I have a folder on a UNC path and I would like for Splunk to simply index the filenames within the folder (the files are JPEGS). What would be the best way to do this?
I am currently monitoring the folder as a data input however I'm seeing nothing indexed. Within the log files I am seeing the error:
TailReader - Ignoring file '\\UNCPATH\FOLDER\PHOTO_NAME.jpg' due to: binary
I'm not that familiar with the back-end of Splunk to make changes so I'd be grateful for any guidance.
Thank you for your help!
let me understand: do you want to monitor only the filenames? in other words, only the list of filenames eventually with file attributes (owner, dimension, etc...), is it correct?
If this is your need, you could create a script that lists files (e.g. using the windows "dir" command) and capture outputs in Splunk.
To do this, you have to create a script (called e.g. monitorjpegfiles.bat) your TA ($SPLUNKHOME/etc/apps/myapp/bin) containing the correct dir command
dir \\UNCPATH\FOLDER\*.jpg .
And then create a stanza in inputs.conf of your TA like the following
###### Scripted Input to monitor jpeg files [script://.\bin\monitor_jpeg_files.bat] disabled = 0 ## Run once per hour interval = 3600 sourcetype = Script:jpef_files index = my_index
After you deploy this TA on the target server and restart Splunk on Universal Forwarder, every hour you'll have the list of jpeg files in your directory.
Hi Giuseppe, thanks again for your answer. I have a follow up question if you do not mind?
Splunk is indexing the data once per hour however it is duplicating the data. In 24hrs I now have the duplicate events in there 24 times.

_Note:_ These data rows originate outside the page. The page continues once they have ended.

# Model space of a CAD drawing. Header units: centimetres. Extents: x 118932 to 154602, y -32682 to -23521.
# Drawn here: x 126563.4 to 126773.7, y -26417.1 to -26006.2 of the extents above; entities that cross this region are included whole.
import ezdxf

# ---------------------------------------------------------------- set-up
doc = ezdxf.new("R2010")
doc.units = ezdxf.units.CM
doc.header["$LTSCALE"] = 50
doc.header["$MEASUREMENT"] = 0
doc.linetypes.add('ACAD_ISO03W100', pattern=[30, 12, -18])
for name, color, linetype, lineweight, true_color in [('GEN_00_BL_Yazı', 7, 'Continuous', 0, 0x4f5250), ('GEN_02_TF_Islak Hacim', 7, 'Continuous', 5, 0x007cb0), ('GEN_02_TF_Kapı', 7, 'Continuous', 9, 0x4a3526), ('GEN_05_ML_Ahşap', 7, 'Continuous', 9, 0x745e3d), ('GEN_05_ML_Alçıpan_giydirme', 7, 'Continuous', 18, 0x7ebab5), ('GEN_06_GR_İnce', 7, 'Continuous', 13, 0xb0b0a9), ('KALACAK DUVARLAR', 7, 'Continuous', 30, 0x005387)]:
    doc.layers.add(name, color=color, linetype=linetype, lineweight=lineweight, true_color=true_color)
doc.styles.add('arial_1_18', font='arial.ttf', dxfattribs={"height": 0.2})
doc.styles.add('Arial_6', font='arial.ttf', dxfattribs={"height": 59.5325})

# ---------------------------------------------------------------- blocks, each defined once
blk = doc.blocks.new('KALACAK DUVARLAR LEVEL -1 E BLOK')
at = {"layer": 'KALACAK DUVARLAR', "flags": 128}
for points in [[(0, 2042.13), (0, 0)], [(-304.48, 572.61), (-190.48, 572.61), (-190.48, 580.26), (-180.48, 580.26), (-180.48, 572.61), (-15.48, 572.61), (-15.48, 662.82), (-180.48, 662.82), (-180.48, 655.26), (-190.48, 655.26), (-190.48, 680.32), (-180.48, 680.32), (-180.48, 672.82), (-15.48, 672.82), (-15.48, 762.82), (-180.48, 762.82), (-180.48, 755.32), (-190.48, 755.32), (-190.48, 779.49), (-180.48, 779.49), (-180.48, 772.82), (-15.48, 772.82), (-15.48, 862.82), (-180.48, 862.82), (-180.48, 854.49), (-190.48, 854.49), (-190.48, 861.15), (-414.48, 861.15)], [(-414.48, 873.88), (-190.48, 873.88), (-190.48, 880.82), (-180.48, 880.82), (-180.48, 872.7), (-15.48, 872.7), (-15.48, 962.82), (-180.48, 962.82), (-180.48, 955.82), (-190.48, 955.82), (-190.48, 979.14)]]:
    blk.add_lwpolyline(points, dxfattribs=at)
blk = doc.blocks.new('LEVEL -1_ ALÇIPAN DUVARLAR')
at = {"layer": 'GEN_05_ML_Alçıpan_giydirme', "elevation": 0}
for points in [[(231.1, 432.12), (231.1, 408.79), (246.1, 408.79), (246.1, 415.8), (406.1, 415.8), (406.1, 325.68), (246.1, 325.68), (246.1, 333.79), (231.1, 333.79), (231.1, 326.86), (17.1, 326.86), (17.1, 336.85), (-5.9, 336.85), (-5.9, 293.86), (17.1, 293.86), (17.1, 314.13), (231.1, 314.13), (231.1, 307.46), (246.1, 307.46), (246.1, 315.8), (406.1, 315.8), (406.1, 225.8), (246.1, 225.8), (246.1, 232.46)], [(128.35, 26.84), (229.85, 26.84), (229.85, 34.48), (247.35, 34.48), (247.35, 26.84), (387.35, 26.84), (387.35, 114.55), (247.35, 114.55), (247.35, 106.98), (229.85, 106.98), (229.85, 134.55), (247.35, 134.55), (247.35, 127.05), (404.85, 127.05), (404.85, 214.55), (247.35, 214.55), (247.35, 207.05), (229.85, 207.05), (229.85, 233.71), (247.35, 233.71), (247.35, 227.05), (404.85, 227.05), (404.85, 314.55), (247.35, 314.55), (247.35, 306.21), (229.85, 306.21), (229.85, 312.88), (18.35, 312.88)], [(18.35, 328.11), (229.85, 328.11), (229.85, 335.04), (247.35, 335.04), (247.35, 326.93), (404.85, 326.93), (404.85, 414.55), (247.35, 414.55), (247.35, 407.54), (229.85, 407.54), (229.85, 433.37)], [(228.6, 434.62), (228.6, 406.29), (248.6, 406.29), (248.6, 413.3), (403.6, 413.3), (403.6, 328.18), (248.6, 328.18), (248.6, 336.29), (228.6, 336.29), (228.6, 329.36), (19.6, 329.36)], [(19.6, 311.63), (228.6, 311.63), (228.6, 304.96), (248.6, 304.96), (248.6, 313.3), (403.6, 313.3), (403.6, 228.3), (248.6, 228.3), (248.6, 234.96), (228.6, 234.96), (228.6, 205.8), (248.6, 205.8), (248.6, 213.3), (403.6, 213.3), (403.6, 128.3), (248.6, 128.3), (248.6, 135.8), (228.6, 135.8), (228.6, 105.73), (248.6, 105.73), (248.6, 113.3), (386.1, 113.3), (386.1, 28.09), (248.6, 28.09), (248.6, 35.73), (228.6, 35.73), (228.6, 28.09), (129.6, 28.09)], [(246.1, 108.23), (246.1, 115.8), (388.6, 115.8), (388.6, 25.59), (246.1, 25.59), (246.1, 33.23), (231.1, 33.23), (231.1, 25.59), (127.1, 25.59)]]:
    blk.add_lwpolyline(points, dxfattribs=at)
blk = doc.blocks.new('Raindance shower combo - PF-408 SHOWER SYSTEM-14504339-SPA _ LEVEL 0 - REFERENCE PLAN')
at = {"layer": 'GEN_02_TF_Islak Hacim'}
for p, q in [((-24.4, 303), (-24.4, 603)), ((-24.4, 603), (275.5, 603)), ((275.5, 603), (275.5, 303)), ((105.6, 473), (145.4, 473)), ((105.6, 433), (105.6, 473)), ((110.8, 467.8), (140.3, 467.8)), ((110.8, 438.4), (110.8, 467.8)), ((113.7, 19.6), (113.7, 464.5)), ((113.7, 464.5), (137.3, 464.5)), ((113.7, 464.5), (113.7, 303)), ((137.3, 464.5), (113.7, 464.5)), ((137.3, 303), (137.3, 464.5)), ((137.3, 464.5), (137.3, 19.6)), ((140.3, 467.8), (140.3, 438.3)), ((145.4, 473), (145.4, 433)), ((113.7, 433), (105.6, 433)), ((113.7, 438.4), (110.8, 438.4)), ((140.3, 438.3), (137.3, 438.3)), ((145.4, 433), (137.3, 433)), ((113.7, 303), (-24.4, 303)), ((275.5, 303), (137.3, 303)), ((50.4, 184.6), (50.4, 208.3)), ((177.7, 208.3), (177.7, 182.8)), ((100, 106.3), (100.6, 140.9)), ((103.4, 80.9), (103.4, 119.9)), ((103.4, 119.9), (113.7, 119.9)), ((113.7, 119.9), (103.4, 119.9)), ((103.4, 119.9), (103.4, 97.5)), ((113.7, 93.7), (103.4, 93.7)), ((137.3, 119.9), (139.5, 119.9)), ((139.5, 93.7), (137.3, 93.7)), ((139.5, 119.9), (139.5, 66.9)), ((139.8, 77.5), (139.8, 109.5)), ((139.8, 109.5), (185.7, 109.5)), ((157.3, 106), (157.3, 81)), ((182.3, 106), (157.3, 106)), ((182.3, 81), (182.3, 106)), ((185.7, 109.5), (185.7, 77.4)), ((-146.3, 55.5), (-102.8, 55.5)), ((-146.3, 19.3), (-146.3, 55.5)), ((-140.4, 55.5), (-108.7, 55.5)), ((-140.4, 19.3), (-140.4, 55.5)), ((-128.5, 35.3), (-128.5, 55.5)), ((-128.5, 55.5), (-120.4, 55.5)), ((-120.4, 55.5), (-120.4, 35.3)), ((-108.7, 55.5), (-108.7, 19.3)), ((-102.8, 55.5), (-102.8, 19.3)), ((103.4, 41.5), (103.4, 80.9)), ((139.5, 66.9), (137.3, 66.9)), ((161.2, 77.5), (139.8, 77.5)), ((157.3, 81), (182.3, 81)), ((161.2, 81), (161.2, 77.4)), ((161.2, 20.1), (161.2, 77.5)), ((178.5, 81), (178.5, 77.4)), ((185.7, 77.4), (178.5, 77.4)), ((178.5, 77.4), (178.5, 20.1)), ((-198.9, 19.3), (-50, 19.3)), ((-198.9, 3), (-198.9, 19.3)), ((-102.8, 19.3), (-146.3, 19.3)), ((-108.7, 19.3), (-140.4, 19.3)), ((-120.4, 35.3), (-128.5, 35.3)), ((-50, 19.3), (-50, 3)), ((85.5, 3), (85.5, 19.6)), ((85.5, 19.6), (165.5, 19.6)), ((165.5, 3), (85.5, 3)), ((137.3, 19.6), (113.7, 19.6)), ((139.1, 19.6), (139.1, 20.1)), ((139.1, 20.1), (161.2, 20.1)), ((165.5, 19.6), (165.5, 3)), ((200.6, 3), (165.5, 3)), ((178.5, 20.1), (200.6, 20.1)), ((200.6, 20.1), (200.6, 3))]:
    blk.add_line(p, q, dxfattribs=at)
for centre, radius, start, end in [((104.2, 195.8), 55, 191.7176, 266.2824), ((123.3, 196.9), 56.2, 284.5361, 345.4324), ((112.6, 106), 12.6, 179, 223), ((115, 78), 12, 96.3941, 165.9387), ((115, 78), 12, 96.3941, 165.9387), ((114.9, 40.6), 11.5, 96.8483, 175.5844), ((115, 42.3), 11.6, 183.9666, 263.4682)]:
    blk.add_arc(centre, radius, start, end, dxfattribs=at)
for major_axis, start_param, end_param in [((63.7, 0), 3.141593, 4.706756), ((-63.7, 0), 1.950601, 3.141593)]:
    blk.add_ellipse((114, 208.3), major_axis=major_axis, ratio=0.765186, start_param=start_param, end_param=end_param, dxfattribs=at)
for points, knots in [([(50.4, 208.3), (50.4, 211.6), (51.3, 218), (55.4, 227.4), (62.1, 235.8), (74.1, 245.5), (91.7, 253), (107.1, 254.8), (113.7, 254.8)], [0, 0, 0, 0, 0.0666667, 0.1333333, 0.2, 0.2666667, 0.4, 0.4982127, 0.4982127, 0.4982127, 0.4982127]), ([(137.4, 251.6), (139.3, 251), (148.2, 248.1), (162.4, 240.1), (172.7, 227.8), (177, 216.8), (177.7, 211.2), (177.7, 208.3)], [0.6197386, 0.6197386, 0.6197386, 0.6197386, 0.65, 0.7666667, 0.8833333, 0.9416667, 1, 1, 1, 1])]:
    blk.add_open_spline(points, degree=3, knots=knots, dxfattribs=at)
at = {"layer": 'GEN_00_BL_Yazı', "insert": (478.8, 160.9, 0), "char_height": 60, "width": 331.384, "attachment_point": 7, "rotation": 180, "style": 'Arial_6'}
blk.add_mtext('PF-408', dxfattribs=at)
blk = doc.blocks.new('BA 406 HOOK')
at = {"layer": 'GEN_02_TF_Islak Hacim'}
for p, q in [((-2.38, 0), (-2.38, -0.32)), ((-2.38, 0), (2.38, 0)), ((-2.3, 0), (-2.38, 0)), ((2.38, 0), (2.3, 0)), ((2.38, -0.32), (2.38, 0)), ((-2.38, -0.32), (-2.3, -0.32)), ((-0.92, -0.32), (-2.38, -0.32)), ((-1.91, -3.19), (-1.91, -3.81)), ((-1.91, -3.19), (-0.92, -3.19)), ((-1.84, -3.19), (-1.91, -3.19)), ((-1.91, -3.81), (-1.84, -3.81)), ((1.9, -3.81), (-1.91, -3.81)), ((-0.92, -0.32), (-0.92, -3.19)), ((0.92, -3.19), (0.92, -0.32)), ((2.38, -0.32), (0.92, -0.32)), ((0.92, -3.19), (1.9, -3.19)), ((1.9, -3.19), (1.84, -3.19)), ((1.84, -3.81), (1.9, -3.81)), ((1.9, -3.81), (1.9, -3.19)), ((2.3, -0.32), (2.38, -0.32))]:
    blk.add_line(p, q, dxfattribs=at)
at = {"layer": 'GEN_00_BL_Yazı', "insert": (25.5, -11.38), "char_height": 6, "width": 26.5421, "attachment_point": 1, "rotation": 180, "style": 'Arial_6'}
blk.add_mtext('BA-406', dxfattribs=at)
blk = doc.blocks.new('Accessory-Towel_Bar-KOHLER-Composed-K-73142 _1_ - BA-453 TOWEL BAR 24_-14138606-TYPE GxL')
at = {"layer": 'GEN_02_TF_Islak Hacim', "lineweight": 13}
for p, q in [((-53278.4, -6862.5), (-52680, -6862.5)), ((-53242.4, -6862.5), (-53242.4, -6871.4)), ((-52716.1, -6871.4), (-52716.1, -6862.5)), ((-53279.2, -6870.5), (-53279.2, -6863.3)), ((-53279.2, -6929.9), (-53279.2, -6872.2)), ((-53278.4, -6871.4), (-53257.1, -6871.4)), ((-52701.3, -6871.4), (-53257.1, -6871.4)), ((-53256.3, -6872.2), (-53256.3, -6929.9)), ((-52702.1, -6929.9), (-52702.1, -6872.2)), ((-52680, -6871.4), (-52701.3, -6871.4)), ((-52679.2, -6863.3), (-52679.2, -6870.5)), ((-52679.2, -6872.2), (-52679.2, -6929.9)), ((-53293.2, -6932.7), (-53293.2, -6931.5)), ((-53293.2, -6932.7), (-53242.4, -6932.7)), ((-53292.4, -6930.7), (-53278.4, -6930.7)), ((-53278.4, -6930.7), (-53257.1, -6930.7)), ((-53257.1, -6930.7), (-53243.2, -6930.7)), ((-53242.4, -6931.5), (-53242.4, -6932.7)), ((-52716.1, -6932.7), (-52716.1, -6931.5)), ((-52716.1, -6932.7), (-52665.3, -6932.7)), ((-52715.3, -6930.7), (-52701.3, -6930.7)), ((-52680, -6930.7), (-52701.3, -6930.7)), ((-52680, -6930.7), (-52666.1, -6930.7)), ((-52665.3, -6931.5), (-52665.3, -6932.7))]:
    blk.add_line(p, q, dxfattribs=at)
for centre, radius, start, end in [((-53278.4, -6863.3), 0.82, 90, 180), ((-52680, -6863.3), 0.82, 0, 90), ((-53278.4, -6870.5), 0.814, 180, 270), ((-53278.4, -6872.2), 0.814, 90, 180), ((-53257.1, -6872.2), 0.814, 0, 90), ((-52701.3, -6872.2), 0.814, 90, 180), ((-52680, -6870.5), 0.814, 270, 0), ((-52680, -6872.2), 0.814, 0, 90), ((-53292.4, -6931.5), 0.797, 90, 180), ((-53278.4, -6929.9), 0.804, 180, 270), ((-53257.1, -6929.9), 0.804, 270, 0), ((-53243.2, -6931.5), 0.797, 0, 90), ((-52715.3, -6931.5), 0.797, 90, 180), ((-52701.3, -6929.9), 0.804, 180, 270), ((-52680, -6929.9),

Is there a way to stop this from happening do you know?
Thanks for your help!
I fear that it is not possible to do otherwise: I found myself having to do something similar and I didn't find anything.
You have to manage duplicates at search time.
I can suggest a work around.
Schedule the script with cron and save the output of the script to a file and monitor that file in Splunk.
So whenever the script is executed, it will create the file.
It will not totally stop the duplicates but,
- in case there is no updates in the file names, than the same files names will not be indexed multiple times.
- file names will be listed in alphabetic order, so if any file is renamed / removed / added than only it will reindex the entire file.